Microsoft has had several such projects in their recent stable of inept Mobile
OS + hardware dev teams (along with several non-phone Zunes, WM6, WM6.5,
several reboots of WM7, the Sidekick, etc.).

Google's doing a ton of meddling with their hardware partners, as they can
withhold their apps (Maps, Gmail, Voice, etc.) to get their way, but even then
they keep getting fucked on basic stuff like putting the hardware buttons in
the same order, much less the insane issues with backporting software updates!
It looks like MS is trying to dodge all of that up front.

------
jsz0
I'm no fan of Microsoft in general but it looks like they made some good
choices here. It's refreshing to see a GUI that's not just an iPhone clone or
yet another awkward facelift on a dated product. I think it will be
successful. SmartPhones don't have the same level of legacy baggage that
prevent users from jumping to another platform easily so I don't think
Microsoft is out of the game at all.
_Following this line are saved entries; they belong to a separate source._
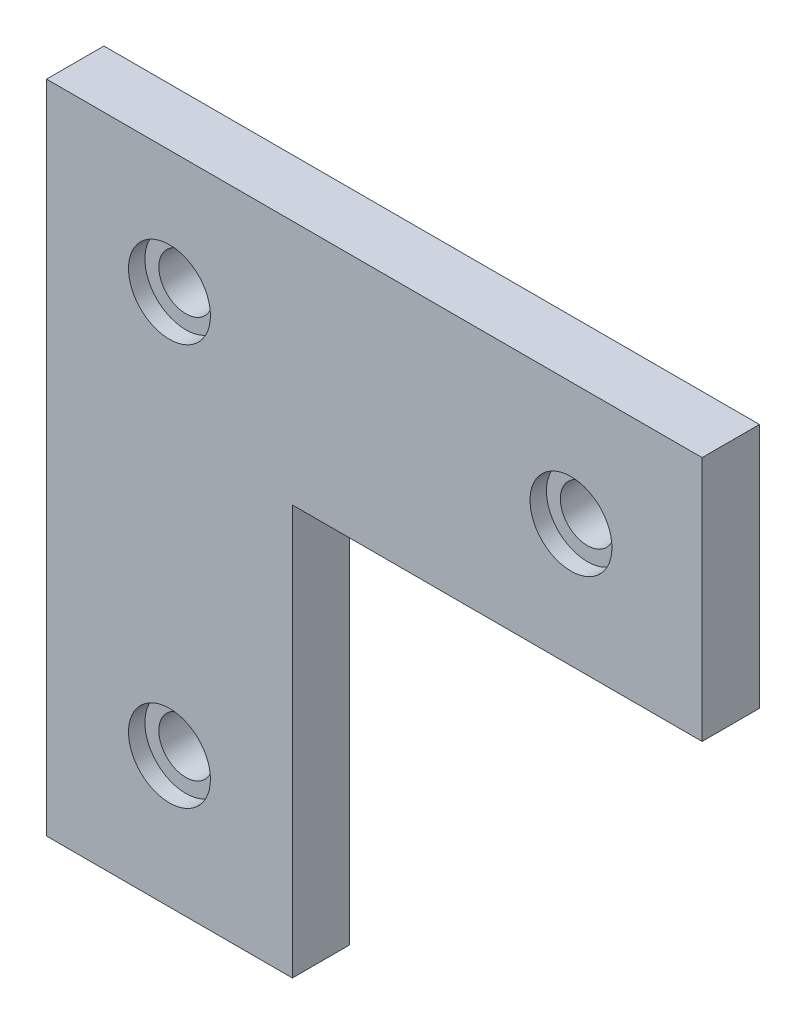
ISO-10303-21;
HEADER;
FILE_DESCRIPTION(('STEP AP214'),'2;1');
FILE_NAME('part.step','',(''),(''),'','','');
FILE_SCHEMA(('AUTOMOTIVE_DESIGN { 1 0 10303 214 1 1 1 1 }'));
ENDSEC;
DATA;
#1=APPLICATION_CONTEXT('core data for automotive mechanical design processes');
#2=APPLICATION_PROTOCOL_DEFINITION('international standard','automotive_design',2000,#1);
#3=PRODUCT_CONTEXT('',#1,'mechanical');
#4=PRODUCT('Part','Part','',(#3));
#5=PRODUCT_RELATED_PRODUCT_CATEGORY('part','',(#4));
#6=PRODUCT_DEFINITION_FORMATION('','',#4);
#7=PRODUCT_DEFINITION_CONTEXT('part definition',#1,'design');
#8=PRODUCT_DEFINITION('design','',#6,#7);
#9=PRODUCT_DEFINITION_SHAPE('','',#8);
#10=(LENGTH_UNIT() NAMED_UNIT(*) SI_UNIT(.MILLI.,.METRE.));
#11=(NAMED_UNIT(*) PLANE_ANGLE_UNIT() SI_UNIT($,.RADIAN.));
#12=(NAMED_UNIT(*) SI_UNIT($,.STERADIAN.) SOLID_ANGLE_UNIT());
#13=UNCERTAINTY_MEASURE_WITH_UNIT(LENGTH_MEASURE(1.E-05),#10,'distance_accuracy_value','');
#14=(GEOMETRIC_REPRESENTATION_CONTEXT(3) GLOBAL_UNCERTAINTY_ASSIGNED_CONTEXT((#13)) GLOBAL_UNIT_ASSIGNED_CONTEXT((#10,
#11,#12)) REPRESENTATION_CONTEXT('',''));
#15=CARTESIAN_POINT('',(0.,0.,0.));
#16=DIRECTION('',(0.,0.,1.));
#17=DIRECTION('',(1.,0.,0.));
#18=AXIS2_PLACEMENT_3D('',#15,#16,#17);
#19=CARTESIAN_POINT('',(0.,20.,3.5));
#20=DIRECTION('',(0.,1.,0.));
#21=DIRECTION('',(-1.,0.,0.));
#22=AXIS2_PLACEMENT_3D('',#19,#20,#21);
#23=PLANE('',#22);
#24=DIRECTION('',(1.,0.,0.));
#25=VECTOR('',#24,1.);
#26=CARTESIAN_POINT('',(0.,20.,0.));
#27=LINE('',#26,#25);
#28=CARTESIAN_POINT('',(-7.5,20.,0.));
#29=VERTEX_POINT('',#28);
#30=CARTESIAN_POINT('',(32.5,20.,0.));
#31=VERTEX_POINT('',#30);
#32=EDGE_CURVE('E126',#29,#31,#27,.T.);
#33=ORIENTED_EDGE('',*,*,#32,.F.);
#34=DIRECTION('',(0.,0.,-1.));
#35=VECTOR('',#34,1.);
#36=CARTESIAN_POINT('',(-7.5,20.,3.5));
#37=LINE('',#36,#35);
#38=CARTESIAN_POINT('',(-7.5,20.,3.5));
#39=VERTEX_POINT('',#38);
#40=EDGE_CURVE('E10',#39,#29,#37,.T.);
#41=ORIENTED_EDGE('',*,*,#40,.F.);
#42=DIRECTION('',(1.,0.,0.));
#43=VECTOR('',#42,1.);
#44=CARTESIAN_POINT('',(0.,20.,3.5));
#45=LINE('',#44,#43);
#46=CARTESIAN_POINT('',(32.5,20.,3.5));
#47=VERTEX_POINT('',#46);
#48=EDGE_CURVE('E144',#39,#47,#45,.T.);
#49=ORIENTED_EDGE('',*,*,#48,.T.);
#50=DIRECTION('',(0.,0.,-1.));
#51=VECTOR('',#50,1.);
#52=CARTESIAN_POINT('',(32.5,20.,3.5));
#53=LINE('',#52,#51);
#54=EDGE_CURVE('E38',#47,#31,#53,.T.);
#55=ORIENTED_EDGE('',*,*,#54,.T.);
#56=EDGE_LOOP('',(#33,#41,#49,#55));
#57=FACE_BOUND('',#56,.T.);
#58=ADVANCED_FACE('F16',(#57),#23,.T.);
#59=CARTESIAN_POINT('',(-7.5,-7.26770060050313,3.5));
#60=DIRECTION('',(1.,0.,0.));
#61=DIRECTION('',(0.,0.,-1.));
#62=AXIS2_PLACEMENT_3D('',#59,#60,#61);
#63=PLANE('',#62);
#64=DIRECTION('',(0.,-1.,0.));
#65=VECTOR('',#64,1.);
#66=CARTESIAN_POINT('',(-7.5,-7.26770060050313,0.));
#67=LINE('',#66,#65);
#68=CARTESIAN_POINT('',(-7.5,-20.,0.));
#69=VERTEX_POINT('',#68);
#70=EDGE_CURVE('E129',#29,#69,#67,.T.);
#71=ORIENTED_EDGE('',*,*,#70,.T.);
#72=DIRECTION('',(0.,0.,-1.));
#73=VECTOR('',#72,1.);
#74=CARTESIAN_POINT('',(-7.5,-20.,3.5));
#75=LINE('',#74,#73);
#76=CARTESIAN_POINT('',(-7.5,-20.,3.5));
#77=VERTEX_POINT('',#76);
#78=EDGE_CURVE('E25',#77,#69,#75,.T.);
#79=ORIENTED_EDGE('',*,*,#78,.F.);
#80=DIRECTION('',(0.,-1.,0.));
#81=VECTOR('',#80,1.);
#82=CARTESIAN_POINT('',(-7.5,-7.26770060050313,3.5));
#83=LINE('',#82,#81);
#84=EDGE_CURVE('E120',#39,#77,#83,.T.);
#85=ORIENTED_EDGE('',*,*,#84,.F.);
#86=ORIENTED_EDGE('',*,*,#40,.T.);
#87=EDGE_LOOP('',(#71,#79,#85,#86));
#88=FACE_BOUND('',#87,.T.);
#89=ADVANCED_FACE('F174',(#88),#63,.F.);
#90=CARTESIAN_POINT('',(0.,-20.,3.5));
#91=DIRECTION('',(0.,1.,0.));
#92=DIRECTION('',(-1.,0.,0.));
#93=AXIS2_PLACEMENT_3D('',#90,#91,#92);
#94=PLANE('',#93);
#95=DIRECTION('',(1.,0.,0.));
#96=VECTOR('',#95,1.);
#97=CARTESIAN_POINT('',(0.,-20.,0.));
#98=LINE('',#97,#96);
#99=CARTESIAN_POINT('',(7.5,-20.,0.));
#100=VERTEX_POINT('',#99);
#101=EDGE_CURVE('E133',#69,#100,#98,.T.);
#102=ORIENTED_EDGE('',*,*,#101,.T.);
#103=DIRECTION('',(0.,0.,-1.));
#104=VECTOR('',#103,1.);
#105=CARTESIAN_POINT('',(7.5,-20.,3.5));
#106=LINE('',#105,#104);
#107=CARTESIAN_POINT('',(7.5,-20.,3.5));
#108=VERTEX_POINT('',#107);
#109=EDGE_CURVE('E100',#108,#100,#106,.T.);
#110=ORIENTED_EDGE('',*,*,#109,.F.);
#111=DIRECTION('',(1.,0.,0.));
#112=VECTOR('',#111,1.);
#113=CARTESIAN_POINT('',(0.,-20.,3.5));
#114=LINE('',#113,#112);
#115=EDGE_CURVE('E112',#77,#108,#114,.T.);
#116=ORIENTED_EDGE('',*,*,#115,.F.);
#117=ORIENTED_EDGE('',*,*,#78,.T.);
#118=EDGE_LOOP('',(#102,#110,#116,#117));
#119=FACE_BOUND('',#118,.T.);
#120=ADVANCED_FACE('F156',(#119),#94,.F.);
#121=CARTESIAN_POINT('',(7.5,-7.26770060050313,3.5));
#122=DIRECTION('',(1.,0.,0.));
#123=DIRECTION('',(0.,0.,-1.));
#124=AXIS2_PLACEMENT_3D('',#121,#122,#123);
#125=PLANE('',#124);
#126=DIRECTION('',(0.,-1.,0.));
#127=VECTOR('',#126,1.);
#128=CARTESIAN_POINT('',(7.5,-7.26770060050313,0.));
#129=LINE('',#128,#127);
#130=CARTESIAN_POINT('',(7.5,5.,0.));
#131=VERTEX_POINT('',#130);
#132=EDGE_CURVE('E96',#131,#100,#129,.T.);
#133=ORIENTED_EDGE('',*,*,#132,.F.);
#134=DIRECTION('',(0.,0.,-1.));
#135=VECTOR('',#134,1.);
#136=CARTESIAN_POINT('',(7.5,5.,3.5));
#137=LINE('',#136,#135);
#138=CARTESIAN_POINT('',(7.5,5.,3.5));
#139=VERTEX_POINT('',#138);
#140=EDGE_CURVE('E90',#139,#131,#137,.T.);
#141=ORIENTED_EDGE('',*,*,#140,.F.);
#142=DIRECTION('',(0.,-1.,0.));
#143=VECTOR('',#142,1.);
#144=CARTESIAN_POINT('',(7.5,-7.26770060050313,3.5));
#145=LINE('',#144,#143);
#146=EDGE_CURVE('E94',#139,#108,#145,.T.);
#147=ORIENTED_EDGE('',*,*,#146,.T.);
#148=ORIENTED_EDGE('',*,*,#109,.T.);
#149=EDGE_LOOP('',(#133,#141,#147,#148));
#150=FACE_BOUND('',#149,.T.);
#151=ADVANCED_FACE('F92',(#150),#125,.T.);
#152=CARTESIAN_POINT('',(19.8275911062956,5.,3.5));
#153=DIRECTION('',(0.,1.,0.));
#154=DIRECTION('',(-1.,0.,0.));
#155=AXIS2_PLACEMENT_3D('',#152,#153,#154);
#156=PLANE('',#155);
#157=DIRECTION('',(1.,0.,0.));
#158=VECTOR('',#157,1.);
#159=CARTESIAN_POINT('',(19.8275911062956,5.,0.));
#160=LINE('',#159,#158);
#161=CARTESIAN_POINT('',(32.5,5.,0.));
#162=VERTEX_POINT('',#161);
#163=EDGE_CURVE('E138',#131,#162,#160,.T.);
#164=ORIENTED_EDGE('',*,*,#163,.T.);
#165=DIRECTION('',(0.,0.,-1.));
#166=VECTOR('',#165,1.);
#167=CARTESIAN_POINT('',(32.5,5.,3.5));
#168=LINE('',#167,#166);
#169=CARTESIAN_POINT('',(32.5,5.,3.5));
#170=VERTEX_POINT('',#169);
#171=EDGE_CURVE('E64',#170,#162,#168,.T.);
#172=ORIENTED_EDGE('',*,*,#171,.F.);
#173=DIRECTION('',(1.,0.,0.));
#174=VECTOR('',#173,1.);
#175=CARTESIAN_POINT('',(19.8275911062956,5.,3.5));
#176=LINE('',#175,#174);
#177=EDGE_CURVE('E102',#139,#170,#176,.T.);
#178=ORIENTED_EDGE('',*,*,#177,.F.);
#179=ORIENTED_EDGE('',*,*,#140,.T.);
#180=EDGE_LOOP('',(#164,#172,#178,#179));
#181=FACE_BOUND('',#180,.T.);
#182=ADVANCED_FACE('F103',(#181),#156,.F.);
#183=CARTESIAN_POINT('',(32.5,7.72158382503776,3.5));
#184=DIRECTION('',(1.,0.,0.));
#185=DIRECTION('',(0.,1.,0.));
#186=AXIS2_PLACEMENT_3D('',#183,#184,#185);
#187=PLANE('',#186);
#188=DIRECTION('',(0.,-1.,0.));
#189=VECTOR('',#188,1.);
#190=CARTESIAN_POINT('',(32.5,7.72158382503776,0.));
#191=LINE('',#190,#189);
#192=EDGE_CURVE('E140',#31,#162,#191,.T.);
#193=ORIENTED_EDGE('',*,*,#192,.F.);
#194=ORIENTED_EDGE('',*,*,#54,.F.);
#195=DIRECTION('',(0.,-1.,0.));
#196=VECTOR('',#195,1.);
#197=CARTESIAN_POINT('',(32.5,7.72158382503776,3.5));
#198=LINE('',#197,#196);
#199=EDGE_CURVE('E107',#47,#170,#198,.T.);
#200=ORIENTED_EDGE('',*,*,#199,.T.);
#201=ORIENTED_EDGE('',*,*,#171,.T.);
#202=EDGE_LOOP('',(#193,#194,#200,#201));
#203=FACE_BOUND('',#202,.T.);
#204=ADVANCED_FACE('F161',(#203),#187,.T.);
#205=CARTESIAN_POINT('',(12.5,0.,3.5));
#206=DIRECTION('',(0.,0.,1.));
#207=DIRECTION('',(1.,0.,0.));
#208=AXIS2_PLACEMENT_3D('',#205,#206,#207);
#209=PLANE('',#208);
#210=CARTESIAN_POINT('',(0.,-12.,3.5));
#211=DIRECTION('',(0.,0.,1.));
#212=DIRECTION('',(1.,0.,0.));
#213=AXIS2_PLACEMENT_3D('',#210,#211,#212);
#214=CIRCLE('',#213,2.5);
#215=CARTESIAN_POINT('',(2.5,-12.,3.5));
#216=VERTEX_POINT('',#215);
#217=EDGE_CURVE('E242',#216,#216,#214,.T.);
#218=ORIENTED_EDGE('',*,*,#217,.F.);
#219=EDGE_LOOP('',(#218));
#220=FACE_BOUND('',#219,.T.);
#221=CARTESIAN_POINT('',(24.5,12.5,3.5));
#222=DIRECTION('',(0.,0.,1.));
#223=DIRECTION('',(1.,0.,0.));
#224=AXIS2_PLACEMENT_3D('',#221,#222,#223);
#225=CIRCLE('',#224,2.5);
#226=CARTESIAN_POINT('',(27.,12.5,3.5));
#227=VERTEX_POINT('',#226);
#228=EDGE_CURVE('E227',#227,#227,#225,.T.);
#229=ORIENTED_EDGE('',*,*,#228,.F.);
#230=EDGE_LOOP('',(#229));
#231=FACE_BOUND('',#230,.T.);
#232=CARTESIAN_POINT('',(0.,12.5,3.5));
#233=DIRECTION('',(0.,0.,1.));
#234=DIRECTION('',(1.,0.,0.));
#235=AXIS2_PLACEMENT_3D('',#232,#233,#234);
#236=CIRCLE('',#235,2.5);
#237=CARTESIAN_POINT('',(2.5,12.5,3.5));
#238=VERTEX_POINT('',#237);
#239=EDGE_CURVE('E234',#238,#238,#236,.T.);
#240=ORIENTED_EDGE('',*,*,#239,.F.);
#241=EDGE_LOOP('',(#240));
#242=FACE_BOUND('',#241,.T.);
#243=ORIENTED_EDGE('',*,*,#48,.F.);
#244=ORIENTED_EDGE('',*,*,#84,.T.);
#245=ORIENTED_EDGE('',*,*,#115,.T.);
#246=ORIENTED_EDGE('',*,*,#146,.F.);
#247=ORIENTED_EDGE('',*,*,#177,.T.);
#248=ORIENTED_EDGE('',*,*,#199,.F.);
#249=EDGE_LOOP('',(#243,#244,#245,#246,#247,#248));
#250=FACE_BOUND('',#249,.T.);
#251=ADVANCED_FACE('F110',(#220,#231,#242,#250),#209,.T.);
#252=CARTESIAN_POINT('',(12.5,0.,0.));
#253=DIRECTION('',(0.,0.,1.));
#254=DIRECTION('',(1.,0.,0.));
#255=AXIS2_PLACEMENT_3D('',#252,#253,#254);
#256=PLANE('',#255);
#257=CARTESIAN_POINT('',(0.,-12.,0.));
#258=DIRECTION('',(0.,0.,1.));
#259=DIRECTION('',(1.,0.,0.));
#260=AXIS2_PLACEMENT_3D('',#257,#258,#259);
#261=CIRCLE('',#260,1.65);
#262=CARTESIAN_POINT('',(1.65,-12.,0.));
#263=VERTEX_POINT('',#262);
#264=EDGE_CURVE('E130',#263,#263,#261,.F.);
#265=ORIENTED_EDGE('',*,*,#264,.F.);
#266=EDGE_LOOP('',(#265));
#267=FACE_BOUND('',#266,.T.);
#268=CARTESIAN_POINT('',(24.5,12.5,0.));
#269=DIRECTION('',(0.,0.,1.));
#270=DIRECTION('',(1.,0.,0.));
#271=AXIS2_PLACEMENT_3D('',#268,#269,#270);
#272=CIRCLE('',#271,1.65);
#273=CARTESIAN_POINT('',(26.15,12.5,0.));
#274=VERTEX_POINT('',#273);
#275=EDGE_CURVE('E204',#274,#274,#272,.F.);
#276=ORIENTED_EDGE('',*,*,#275,.F.);
#277=EDGE_LOOP('',(#276));
#278=FACE_BOUND('',#277,.T.);
#279=CARTESIAN_POINT('',(0.,12.5,0.));
#280=DIRECTION('',(0.,0.,1.));
#281=DIRECTION('',(1.,0.,0.));
#282=AXIS2_PLACEMENT_3D('',#279,#280,#281);
#283=CIRCLE('',#282,1.65);
#284=CARTESIAN_POINT('',(1.65,12.5,0.));
#285=VERTEX_POINT('',#284);
#286=EDGE_CURVE('E209',#285,#285,#283,.F.);
#287=ORIENTED_EDGE('',*,*,#286,.F.);
#288=EDGE_LOOP('',(#287));
#289=FACE_BOUND('',#288,.T.);
#290=ORIENTED_EDGE('',*,*,#32,.T.);
#291=ORIENTED_EDGE('',*,*,#192,.T.);
#292=ORIENTED_EDGE('',*,*,#163,.F.);
#293=ORIENTED_EDGE('',*,*,#132,.T.);
#294=ORIENTED_EDGE('',*,*,#101,.F.);
#295=ORIENTED_EDGE('',*,*,#70,.F.);
#296=EDGE_LOOP('',(#290,#291,#292,#293,#294,#295));
#297=FACE_BOUND('',#296,.T.);
#298=ADVANCED_FACE('F160',(#267,#278,#289,#297),#256,.F.);
#299=CARTESIAN_POINT('',(0.,12.5,-500000.));
#300=DIRECTION('',(0.,0.,1.));
#301=DIRECTION('',(1.,0.,0.));
#302=AXIS2_PLACEMENT_3D('',#299,#300,#301);
#303=CYLINDRICAL_SURFACE('',#302,1.65);
#304=CARTESIAN_POINT('',(0.,12.5,2.5));
#305=DIRECTION('',(0.,0.,1.));
#306=DIRECTION('',(1.,0.,0.));
#307=AXIS2_PLACEMENT_3D('',#304,#305,#306);
#308=CIRCLE('',#307,1.65);
#309=CARTESIAN_POINT('',(1.65,12.5,2.5));
#310=VERTEX_POINT('',#309);
#311=EDGE_CURVE('E237',#310,#310,#308,.T.);
#312=ORIENTED_EDGE('',*,*,#311,.T.);
#313=EDGE_LOOP('',(#312));
#314=FACE_BOUND('',#313,.T.);
#315=ORIENTED_EDGE('',*,*,#286,.T.);
#316=EDGE_LOOP('',(#315));
#317=FACE_BOUND('',#316,.T.);
#318=ADVANCED_FACE('F219',(#314,#317),#303,.F.);
#319=CARTESIAN_POINT('',(24.5,12.5,-500000.));
#320=DIRECTION('',(0.,0.,1.));
#321=DIRECTION('',(1.,0.,0.));
#322=AXIS2_PLACEMENT_3D('',#319,#320,#321);
#323=CYLINDRICAL_SURFACE('',#322,1.65);
#324=CARTESIAN_POINT('',(24.5,12.5,2.5));
#325=DIRECTION('',(0.,0.,1.));
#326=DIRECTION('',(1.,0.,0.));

It'll be interesting to see where their
market share comes from. I'm thinking RIM & Nokia more than Apple & Android.

------
mdasen
What I would have really liked to see in the video was any new capabilities of
Mobile Internet Explorer. Is it going to have the capabilities that we're used
to from the iPhone, webOS, and Android? The web browser is probably the most
important part of these phones since almost everything has a web interface.
The XBOX Live and Facebook apps look nice, but there's no guarantee that
Windows Phone 7 Series will take off and get lots of developers on board.
However, a good web browser means that I can still get what a lot of what I
want without apps.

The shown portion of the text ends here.